╭─ Input

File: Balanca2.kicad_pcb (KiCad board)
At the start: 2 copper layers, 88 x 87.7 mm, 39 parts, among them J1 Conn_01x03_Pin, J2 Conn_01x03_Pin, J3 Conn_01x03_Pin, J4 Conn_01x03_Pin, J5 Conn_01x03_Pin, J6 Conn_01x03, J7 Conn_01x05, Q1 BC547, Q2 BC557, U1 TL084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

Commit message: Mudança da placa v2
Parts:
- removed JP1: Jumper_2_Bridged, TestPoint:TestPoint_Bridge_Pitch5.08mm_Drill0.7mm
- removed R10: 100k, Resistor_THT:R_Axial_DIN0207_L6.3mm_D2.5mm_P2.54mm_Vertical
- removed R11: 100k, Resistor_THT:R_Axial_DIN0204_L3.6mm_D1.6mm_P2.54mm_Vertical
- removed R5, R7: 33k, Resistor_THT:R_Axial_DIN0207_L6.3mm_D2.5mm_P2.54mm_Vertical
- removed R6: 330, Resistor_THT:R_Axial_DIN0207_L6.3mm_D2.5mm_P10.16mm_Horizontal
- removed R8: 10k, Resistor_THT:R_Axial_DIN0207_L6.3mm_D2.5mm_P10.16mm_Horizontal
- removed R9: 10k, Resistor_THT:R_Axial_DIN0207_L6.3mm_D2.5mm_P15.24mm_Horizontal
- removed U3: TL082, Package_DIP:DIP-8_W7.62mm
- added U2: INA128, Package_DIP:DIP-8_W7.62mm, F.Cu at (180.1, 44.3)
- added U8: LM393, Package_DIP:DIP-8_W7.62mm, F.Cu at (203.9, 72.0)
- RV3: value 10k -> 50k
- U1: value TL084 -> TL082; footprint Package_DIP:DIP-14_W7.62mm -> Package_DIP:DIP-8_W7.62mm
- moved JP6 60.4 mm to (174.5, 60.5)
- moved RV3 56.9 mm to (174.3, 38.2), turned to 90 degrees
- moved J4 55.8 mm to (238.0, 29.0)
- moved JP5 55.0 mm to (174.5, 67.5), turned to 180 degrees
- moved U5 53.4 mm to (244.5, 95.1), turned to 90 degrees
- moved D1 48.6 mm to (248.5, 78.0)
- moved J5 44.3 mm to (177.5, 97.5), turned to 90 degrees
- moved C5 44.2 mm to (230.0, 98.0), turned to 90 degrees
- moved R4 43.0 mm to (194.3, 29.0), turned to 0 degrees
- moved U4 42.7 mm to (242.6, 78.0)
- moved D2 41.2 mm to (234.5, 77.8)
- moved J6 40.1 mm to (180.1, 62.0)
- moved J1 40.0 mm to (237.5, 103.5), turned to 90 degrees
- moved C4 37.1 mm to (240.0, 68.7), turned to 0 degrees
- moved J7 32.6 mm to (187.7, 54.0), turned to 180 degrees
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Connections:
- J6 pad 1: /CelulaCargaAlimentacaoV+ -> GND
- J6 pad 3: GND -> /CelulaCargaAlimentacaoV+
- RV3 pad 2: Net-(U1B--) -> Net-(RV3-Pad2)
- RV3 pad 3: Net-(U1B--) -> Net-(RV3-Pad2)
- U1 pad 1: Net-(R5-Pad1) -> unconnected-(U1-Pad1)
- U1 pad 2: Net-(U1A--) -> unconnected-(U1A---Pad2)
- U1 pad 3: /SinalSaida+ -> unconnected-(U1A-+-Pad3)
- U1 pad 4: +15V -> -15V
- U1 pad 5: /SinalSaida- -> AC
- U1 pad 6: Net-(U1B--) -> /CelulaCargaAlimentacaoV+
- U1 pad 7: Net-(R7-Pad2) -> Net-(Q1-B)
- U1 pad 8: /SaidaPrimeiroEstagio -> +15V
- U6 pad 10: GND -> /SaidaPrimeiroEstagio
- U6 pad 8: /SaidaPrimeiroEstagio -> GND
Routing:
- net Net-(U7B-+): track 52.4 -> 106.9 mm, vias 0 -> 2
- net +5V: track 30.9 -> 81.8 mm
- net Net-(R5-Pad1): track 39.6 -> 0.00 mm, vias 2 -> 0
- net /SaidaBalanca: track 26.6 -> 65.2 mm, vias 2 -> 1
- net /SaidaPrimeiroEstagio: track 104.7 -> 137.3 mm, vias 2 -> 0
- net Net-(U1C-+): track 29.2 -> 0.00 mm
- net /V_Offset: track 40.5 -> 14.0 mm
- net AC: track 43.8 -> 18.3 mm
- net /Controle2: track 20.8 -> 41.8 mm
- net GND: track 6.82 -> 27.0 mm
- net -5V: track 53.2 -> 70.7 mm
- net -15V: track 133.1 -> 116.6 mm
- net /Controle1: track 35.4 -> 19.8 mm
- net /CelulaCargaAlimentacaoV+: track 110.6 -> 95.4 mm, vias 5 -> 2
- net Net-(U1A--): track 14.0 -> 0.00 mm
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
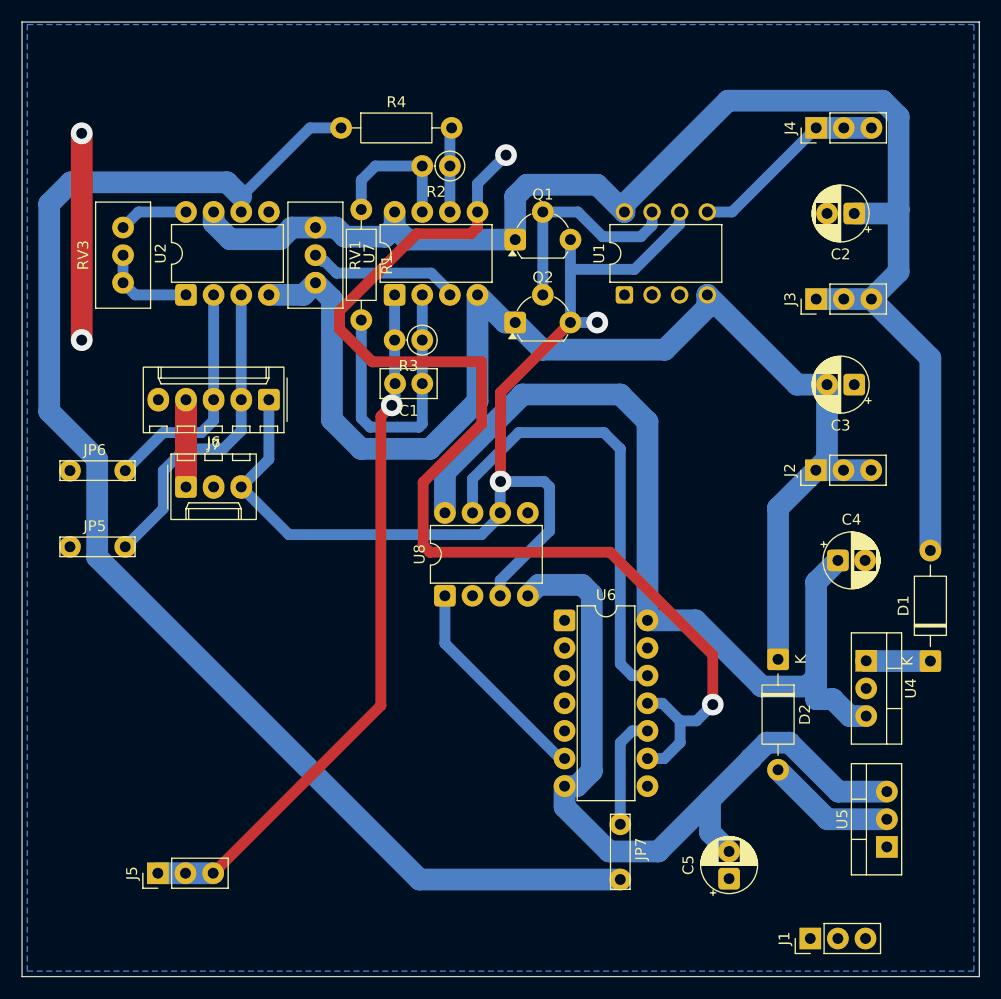
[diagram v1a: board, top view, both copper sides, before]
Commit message: Atualizacao de esquematico da placa 3
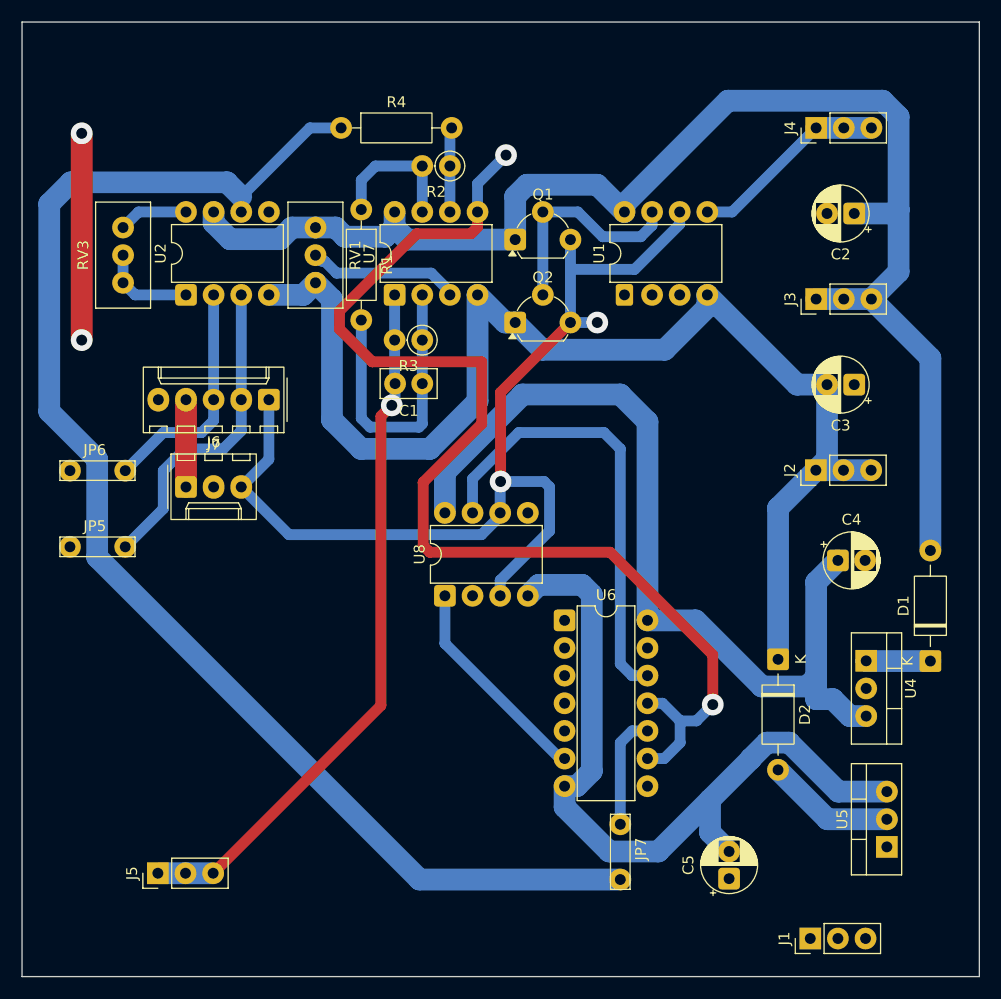
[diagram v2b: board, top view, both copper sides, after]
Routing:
- removed copper zone on B.Cu, net GND
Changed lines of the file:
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@@
 		(pad "1" thru_hole roundrect
 			(at 0 0 90)
-			(size 1.6 1.6)
+			(size 2 1.6)
 			(drill 1)
 			(layers "*.Cu" "*.Mask")
@@
 		(pad "2" thru_hole circle
 			(at 0 2.54 90)
-			(size 1.6 1.6)
+			(size 2 1.6)
 			(drill 1)
 			(layers "*.Cu" "*.Mask")
@@
 		(pad "3" thru_hole circle
 			(at 0 5.08 90)
-			(size 1.6 1.6)
+			(size 2 1.6)
 			(drill 1)
 			(layers "*.Cu" "*.Mask")
@@
 		(pad "4" thru_hole circle
 			(at 0 7.62 90)
-			(size 1.6 1.6)
+			(size 2 1.6)
 			(drill 1)
 			(layers "*.Cu" "*.Mask")
@@
 		(pad "5" thru_hole circle
 			(at 7.62 7.62 90)
-			(size 1.6 1.6)
+			(size 2 1.6)
 			(drill 1)
 			(layers "*.Cu" "*.Mask")
@@
 		(pad "6" thru_hole circle
 			(at 7.62 5.08 90)
-			(size 1.6 1.6)
+			(size 2 1.6)
 			(drill 1)
 			(layers "*.Cu" "*.Mask")
@@
 		(pad "7" thru_hole circle
 			(at 7.62 2.54 90)
-			(size 1.6 1.6)
+			(size 2 1.6)
 			(drill 1)
 			(layers "*.Cu" "*.Mask")
@@
 		(pad "8" thru_hole circle
 			(at 7.62 0 90)
-			(size 1.6 1.6)
+			(size 2 1.6)
 			(drill 1)
 			(layers "*.Cu" "*.Mask")
@@
 		(pad "3" thru_hole oval
 			(at 5.08 0 180)
-			(size 2 2.19)
+			(size 2 2)
 			(drill 1)
 			(layers "*.Cu" "*.Mask")
@@
 		(net "Net-(U7B-+)")
 	)
-	(zone
-		(net "GND")
-		(layer "B.Cu")
-		(name "GND")
-		(hatch edge 0.5)
-		(connect_pads
-			(clearance 0.5)
-		)
-		(min_thickness 0.25)
-		(fill yes
-			(thermal_gap 0.5)
-			(thermal_bridge_width 0.5)
-			(island_removal_mode 1)
-		)
-		(polygon
-			(pts
-				(xy 165.5 19.5) (xy 252.5 19.5) (xy 252.5 106.5) (xy 165.5 106.5)
-			)
-		)
-	)
 	(embedded_fonts no)

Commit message: Inicio do Roteamento
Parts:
- added C1: 470n, Capacitor_THT:C_Disc_D5.0mm_W2.5mm_P2.50mm, F.Cu at (333.0, 56.7)
- added C10: 100n, Capacitor_THT:C_Disc_D5.0mm_W2.5mm_P2.50mm, F.Cu at (339.5, 60.8)
- added C11: 100n, Capacitor_THT:C_Disc_D5.0mm_W2.5mm_P2.50mm, F.Cu at (339.5, 64.8)
- added C12: 100n, Capacitor_THT:C_Disc_D5.0mm_W2.5mm_P2.50mm, F.Cu at (339.5, 68.9)
- added C13: 100n, Capacitor_THT:C_Disc_D5.0mm_W2.5mm_P2.50mm, F.Cu at (346.1, 56.7)
- added C14: 100n, Capacitor_THT:C_Disc_D5.0mm_W2.5mm_P2.50mm, F.Cu at (346.1, 60.8)
- added C15: 100n, Capacitor_THT:C_Disc_D5.0mm_W2.5mm_P2.50mm, F.Cu at (346.1, 64.8)
- added C16: 33p, Capacitor_THT:C_Disc_D5.0mm_W2.5mm_P2.50mm, F.Cu at (346.1, 68.9)
- added C17: 4,7u, Capacitor_THT:CP_Radial_D5.0mm_P2.50mm, F.Cu at (313.1, 72.5)
- added C2: 1u, Capacitor_THT:CP_Radial_D5.0mm_P2.50mm, F.Cu at (313.1, 46.3)
- added C3: 1u, Capacitor_THT:CP_Radial_D5.0mm_P2.50mm, F.Cu at (313.1, 52.8)
- added C4: C_Polarized, Capacitor_THT:CP_Radial_D5.0mm_P2.50mm, F.Cu at (313.1, 59.4)
- added C5: C_Polarized, Capacitor_THT:CP_Radial_D5.0mm_P2.50mm, F.Cu at (313.1, 65.9)
- added C6: 100n, Capacitor_THT:C_Disc_D5.0mm_W2.5mm_P2.50mm, F.Cu at (333.0, 60.8)
- added C7: 100n, Capacitor_THT:C_Disc_D5.0mm_W2.5mm_P2.50mm, F.Cu at (333.0, 64.8)
- added C8: 100n, Capacitor_THT:C_Disc_D5.0mm_W2.5mm_P2.50mm, F.Cu at (333.0, 68.9)
- added C9: 100n, Capacitor_THT:C_Disc_D5.0mm_W2.5mm_P2.50mm, F.Cu at (339.5, 56.7)
- added D3: 1N4007, Diode_THT:D_DO-41_SOD81_P10.16mm_Horizontal, F.Cu at (332.8, 73.0)
- added D4: 1N4007, Diode_THT:D_DO-41_SOD81_P10.16mm_Horizontal, F.Cu at (332.8, 77.3)
- added R10: 100k, Resistor_THT:R_Axial_DIN0207_L6.3mm_D2.5mm_P2.54mm_Vertical, F.Cu at (319.7, 73.4)
- added R11: 100k, Resistor_THT:R_Axial_DIN0207_L6.3mm_D2.5mm_P2.54mm_Vertical, F.Cu at (319.7, 77.4)
- added R12: 10k, Resistor_THT:R_Axial_DIN0207_L6.3mm_D2.5mm_P10.16mm_Horizontal, F.Cu at (319.2, 65.3)
- added R3: 47k, Resistor_THT:R_Axial_DIN0207_L6.3mm_D2.5mm_P2.54mm_Vertical, F.Cu at (319.7, 69.3)
- added R5: 10k, Resistor_THT:R_Axial_DIN0207_L6.3mm_D2.5mm_P10.16mm_Horizontal, F.Cu at (319.2, 45.0)
- added R6: 10k, Resistor_THT:R_Axial_DIN0207_L6.3mm_D2.5mm_P10.16mm_Horizontal, F.Cu at (319.2, 49.1)
- added R7: 330, Resistor_THT:R_Axial_DIN0207_L6.3mm_D2.5mm_P10.16mm_Horizontal, F.Cu at (319.2, 53.1)
- added R8: 330, Resistor_THT:R_Axial_DIN0207_L6.3mm_D2.5mm_P10.16mm_Horizontal, F.Cu at (319.2, 57.2)
- added R9: 33, Resistor_THT:R_Axial_DIN0207_L6.3mm_D2.5mm_P10.16mm_Horizontal, F.Cu at (319.2, 61.2)
- added U1: TL082, Package_DIP:DIP-8_W7.62mm, F.Cu at (332.5, 45.0)
- added U7: TL082, Package_DIP:DIP-8_W7.62mm, F.Cu at (343.3, 45.0)
- RV3: value 50k -> 10K
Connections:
- J2 pad 1: -15V -> /Entrada-15V
- J2 pad 2: -15V -> /Entrada-15V
- J2 pad 3: -15V -> /Entrada-15V
- J3 pad 1: +15V -> /Entrada+15V
- J3 pad 2: +15V -> /Entrada+15V
- J3 pad 3: +15V -> /Entrada+15V
- Q1 pad 1: +15V -> Net-(Q1-C)
- Q1 pad 3: /CelulaCargaAlimentacaoV+ -> Net-(Q1-E)
- Q2 pad 1: -15V -> Net-(Q2-C)
- Q2 pad 3: /CelulaCargaAlimentacaoV+ -> Net-(Q1-E)
- R1 pad 2: Net-(U7A--) -> Net-(C17-Pad1)
- RV1 pad 1: -15V -> Net-(R10-Pad2)
- RV1 pad 3: +15V -> Net-(R11-Pad1)
- U2 pad 1: Net-(RV3-Pad2) -> Net-(RV3-Pad1)
- U2 pad 8: Net-(RV3-Pad1) -> Net-(RV3-Pad2)
- U4 pad 1: Net-(D1-K) -> +15V
- U5 pad 2: Net-(D2-A) -> -15V
- U6 pad 1: unconnected-(U6-Pad1) -> GND
- U6 pad 13: GND -> -5V
- U6 pad 2: unconnected-(U6-Pad2) -> GND
- U6 pad 3: unconnected-(U6-Pad3) -> GND
- U6 pad 4: unconnected-(U6-Pad4) -> GND
- U6 pad 5: unconnected-(U6-Pad5) -> -5V
- U8 pad 8: +5V -> +15V
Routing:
- net /SaidaPrimeiroEstagio: track 137.3 -> 0.00 mm
- net +15V: track 130.8 -> 0.00 mm
- net -15V: track 116.6 -> 0.00 mm
- net Net-(U7B-+): track 106.9 -> 0.00 mm, vias 2 -> 0
- net /CelulaCargaAlimentacaoV+: track 95.4 -> 0.00 mm, vias 2 -> 0
- net +5V: track 81.8 -> 0.00 mm
- net -5V: track 70.7 -> 0.00 mm
- net /SaidaBalanca: track 65.2 -> 4.16 mm, vias 1 -> 0
- net /Controle2: track 41.8 -> 0.00 mm
- net /SinalSaida+: track 29.6 -> 0.00 mm
- net GND: track 27.0 -> 0.00 mm, vias 2 -> 0
- net Net-(U7A--): track 27.0 -> 4.16 mm
- net /SinalSaida-: track 21.6 -> 0.00 mm
- net Net-(Q1-B): track 20.3 -> 0.00 mm
- net /Controle1: track 19.8 -> 0.00 mm
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
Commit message: Atualizacao de footprints
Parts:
- removed the C1 at (201.8, 52.5)
- removed the C1 at (333.0, 56.7)
- removed the C2 at (241.5, 36.9)
- removed the C2 at (313.1, 46.3)
- removed the C3 at (313.1, 52.8)
- removed the C3 at (241.5, 52.6)
- removed the C4 at (240.0, 68.7)
- removed the C4 at (313.1, 59.4)
- removed the C5 at (313.1, 65.9)
- removed the C5 at (230.0, 98.0)
- removed D1, D2: 1N4007, Diode_THT:D_DO-41_SOD81_P10.16mm_Horizontal
- removed the R3 at (319.7, 69.3)
- removed the R3 at (201.8, 48.5)
- removed the U1 at (332.5, 45.0)
- removed the U1 at (220.4, 44.3)
- removed the U7 at (343.3, 45.0)
- removed the U7 at (199.3, 44.3)
- added C1: 470n, Capacitor_THT:C_Disc_D5.0mm_W2.5mm_P2.50mm, F.Cu at (127.5, 53.2)
- added C2: 1u, Capacitor_THT:CP_Radial_D5.0mm_P2.50mm, F.Cu at (169.0, 53.5)
- added C3: 1u, Capacitor_THT:CP_Radial_D5.0mm_P2.50mm, F.Cu at (169.0, 60.0)
- added C4: C_Polarized, Capacitor_THT:CP_Radial_D5.0mm_P2.50mm, F.Cu at (169.0, 66.6)
- added C5: C_Polarized, Capacitor_THT:CP_Radial_D5.0mm_P2.50mm, F.Cu at (169.0, 73.2)
- added R3: 47k, Resistor_THT:R_Axial_DIN0207_L6.3mm_D2.5mm_P2.54mm_Vertical, F.Cu at (147.1, 57.3)
- added U1: TL082, Package_DIP:DIP-8_W7.62mm, F.Cu at (212.5, 95.6)
- added U7: TL082, Package_DIP:DIP-8_W7.62mm, F.Cu at (192.4, 43.4)
- R5: footprint Resistor_THT:R_Axial_DIN0207_L6.3mm_D2.5mm_P10.16mm_Horizontal -> Resistor_THT:R_Axial_DIN0204_L3.6mm_D1.6mm_P5.08mm_Vertical
- moved R12 212.8 mm to (107.1, 81.6)
- moved C10 205.5 mm to (134.0, 57.3)
- moved C11 205.5 mm to (134.0, 61.3)
- moved C12 205.5 mm to (134.0, 65.4)
- moved C13 205.5 mm to (140.6, 53.2)
- moved C14 205.5 mm to (140.6, 57.3)
- moved C15 205.5 mm to (140.6, 61.3)
- moved C9 205.5 mm to (134.0, 53.2)
- moved C8 205.5 mm to (127.5, 65.4)
- moved C17 192.4 mm to (120.9, 80.7)
- moved R10 173.0 mm to (147.1, 61.3)
- moved R11 173.0 mm to (147.1, 65.4)
- moved D3 163.5 mm to (169.6, 83.2)
- moved D4 163.5 mm to (169.6, 87.5)
- moved C16 149.6 mm to (208.7, 128.1)
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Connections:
- net Net-(Q1-B) renamed /SaídaBuffer
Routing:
- net +5V: track 0.00 -> 19.4 mm
- net /V_Offset: track 14.5 -> 0.00 mm
- net /SaidaPrimeiroEstagio: track 0.00 -> 11.4 mm
- net Net-(RV3-Pad2): track 0.00 -> 8.63 mm
- net Net-(U7B-+): track 0.00 -> 8.56 mm
- net Net-(RV3-Pad1): track 0.00 -> 5.80 mm
- net /SaidaDemodulada: track 4.23 -> 0.00 mm
- net Net-(U7A--): track 4.16 -> 0.00 mm
- net /SaidaBalanca: track 4.16 -> 0.00 mm
- net /Controle1: track 0.00 -> 3.88 mm
- net /Controle2: track 0.00 -> 3.50 mm
- net -15V: track 0.00 -> 3.00 mm
- net +15V: track 0.00 -> 2.88 mm

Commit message: Inicio do novo Roteamento
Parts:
- moved C10 116.5 mm to (248.4, 79.4)
- moved C11 104.2 mm to (235.0, 87.0), turned to 180 degrees
- moved R4 102.8 mm to (201.7, 45.2), turned to 90 degrees
- moved C14 95.1 mm to (235.3, 49.2), turned to 90 degrees
- moved C15 94.0 mm to (230.2, 33.0), turned to 180 degrees
- moved C8 93.0 mm to (218.6, 47.0)
- moved J1 92.7 mm to (264.1, 44.1)
- moved J2 92.7 mm to (264.1, 34.6)
- moved J3 92.7 mm to (264.1, 25.1)
- moved U4 92.7 mm to (262.6, 94.7)
- moved U5 92.7 mm to (262.6, 100.7)
- moved C2 92.7 mm to (261.7, 53.5)
- moved C3 92.7 mm to (261.7, 60.0)
- moved C4 92.7 mm to (261.7, 66.6)
- moved C5 92.7 mm to (261.7, 73.2)
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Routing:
- net -5V: track 0.00 -> 34.4 mm
- net /Controle1: track 3.88 -> 36.4 mm
- net /SaidaDemodulada: track 0.00 -> 21.7 mm
- net /V_Offset: track 0.00 -> 17.8 mm
- net Net-(U7B-+): track 8.56 -> 21.9 mm
- net Net-(C17-Pad1): track 0.00 -> 12.4 mm
- net Net-(U7B--): track 0.00 -> 11.1 mm
- net /SaidaPrimeiroEstagio: track 11.4 -> 21.4 mm
- net +5V: track 19.4 -> 10.3 mm
- net +15V: track 2.88 -> 11.8 mm
- net /SinalSaida-: track 0.00 -> 8.00 mm
- net /SinalSaida+: track 0.00 -> 8.00 mm
- net /SaidaBalanca: track 0.00 -> 7.65 mm
- net /CelulaCargaAlimentacaoV+: track 0.00 -> 7.50 mm
- net Net-(U7A--): track 0.00 -> 7.38 mm
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
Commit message: Roteamento iniciado, falta verificar erros
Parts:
- R10, R11: footprint Resistor_THT:R_Axial_DIN0207_L6.3mm_D2.5mm_P2.54mm_Vertical -> Resistor_THT:R_Axial_DIN0207_L6.3mm_D2.5mm_P10.16mm_Horizontal
- R8: footprint Resistor_THT:R_Axial_DIN0207_L6.3mm_D2.5mm_P10.16mm_Horizontal -> Resistor_THT:R_Axial_DIN0207_L6.3mm_D2.5mm_P5.08mm_Vertical
- moved J4 105.2 mm to (239.1, 30.6), turned to 180 degrees
- moved D3 100.2 mm to (171.6, 40.7), turned to 90 degrees
- moved JP7 95.2 mm to (198.9, 66.9)
- moved JP5 89.3 mm to (195.1, 101.2), turned to 90 degrees
- moved J3 88.9 mm to (175.4, 30.6), turned to 180 degrees
- moved JP6 87.9 mm to (195.1, 91.2), turned to 90 degrees
- moved C2 87.0 mm to (175.7, 40.7)
- moved U5 84.7 mm to (200.7, 42.9), turned to 180 degrees
- moved C5 79.0 mm to (188.4, 43.8)
- moved D4 74.6 mm to (214.2, 30.6), turned to -90 degrees
- moved J1 68.8 mm to (196.7, 30.6), turned to 180 degrees
- moved J2 46.4 mm to (217.9, 30.6), turned to 180 degrees
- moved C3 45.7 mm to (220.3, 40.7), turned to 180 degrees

╰─

__Exercise aim__
Return, exactly as they stand, the lines from the start of the records above through the line with "- moved U4 42.7 mm to (242.6, 78.0)", both ends included, and no other lines.

__Task result__
File: Balanca2.kicad_pcb (KiCad board)
At the start: 2 copper layers, 88 x 87.7 mm, 39 parts, among them J1 Conn_01x03_Pin, J2 Conn_01x03_Pin, J3 Conn_01x03_Pin, J4 Conn_01x03_Pin, J5 Conn_01x03_Pin, J6 Conn_01x03, J7 Conn_01x05, Q1 BC547, Q2 BC557, U1 TL084

Commit message: Mudança da placa v2
Parts:
- removed JP1: Jumper_2_Bridged, TestPoint:TestPoint_Bridge_Pitch5.08mm_Drill0.7mm
- removed R10: 100k, Resistor_THT:R_Axial_DIN0207_L6.3mm_D2.5mm_P2.54mm_Vertical
- removed R11: 100k, Resistor_THT:R_Axial_DIN0204_L3.6mm_D1.6mm_P2.54mm_Vertical
- removed R5, R7: 33k, Resistor_THT:R_Axial_DIN0207_L6.3mm_D2.5mm_P2.54mm_Vertical
- removed R6: 330, Resistor_THT:R_Axial_DIN0207_L6.3mm_D2.5mm_P10.16mm_Horizontal
- removed R8: 10k, Resistor_THT:R_Axial_DIN0207_L6.3mm_D2.5mm_P10.16mm_Horizontal
- removed R9: 10k, Resistor_THT:R_Axial_DIN0207_L6.3mm_D2.5mm_P15.24mm_Horizontal
- removed U3: TL082, Package_DIP:DIP-8_W7.62mm
- added U2: INA128, Package_DIP:DIP-8_W7.62mm, F.Cu at (180.1, 44.3)
- added U8: LM393, Package_DIP:DIP-8_W7.62mm, F.Cu at (203.9, 72.0)
- RV3: value 10k -> 50k
- U1: value TL084 -> TL082; footprint Package_DIP:DIP-14_W7.62mm -> Package_DIP:DIP-8_W7.62mm
- moved JP6 60.4 mm to (174.5, 60.5)
- moved RV3 56.9 mm to (174.3, 38.2), turned to 90 degrees
- moved J4 55.8 mm to (238.0, 29.0)
- moved JP5 55.0 mm to (174.5, 67.5), turned to 180 degrees
- moved U5 53.4 mm to (244.5, 95.1), turned to 90 degrees
- moved D1 48.6 mm to (248.5, 78.0)
- moved J5 44.3 mm to (177.5, 97.5), turned to 90 degrees
- moved C5 44.2 mm to (230.0, 98.0), turned to 90 degrees
- moved R4 43.0 mm to (194.3, 29.0), turned to 0 degrees
- moved U4 42.7 mm to (242.6, 78.0)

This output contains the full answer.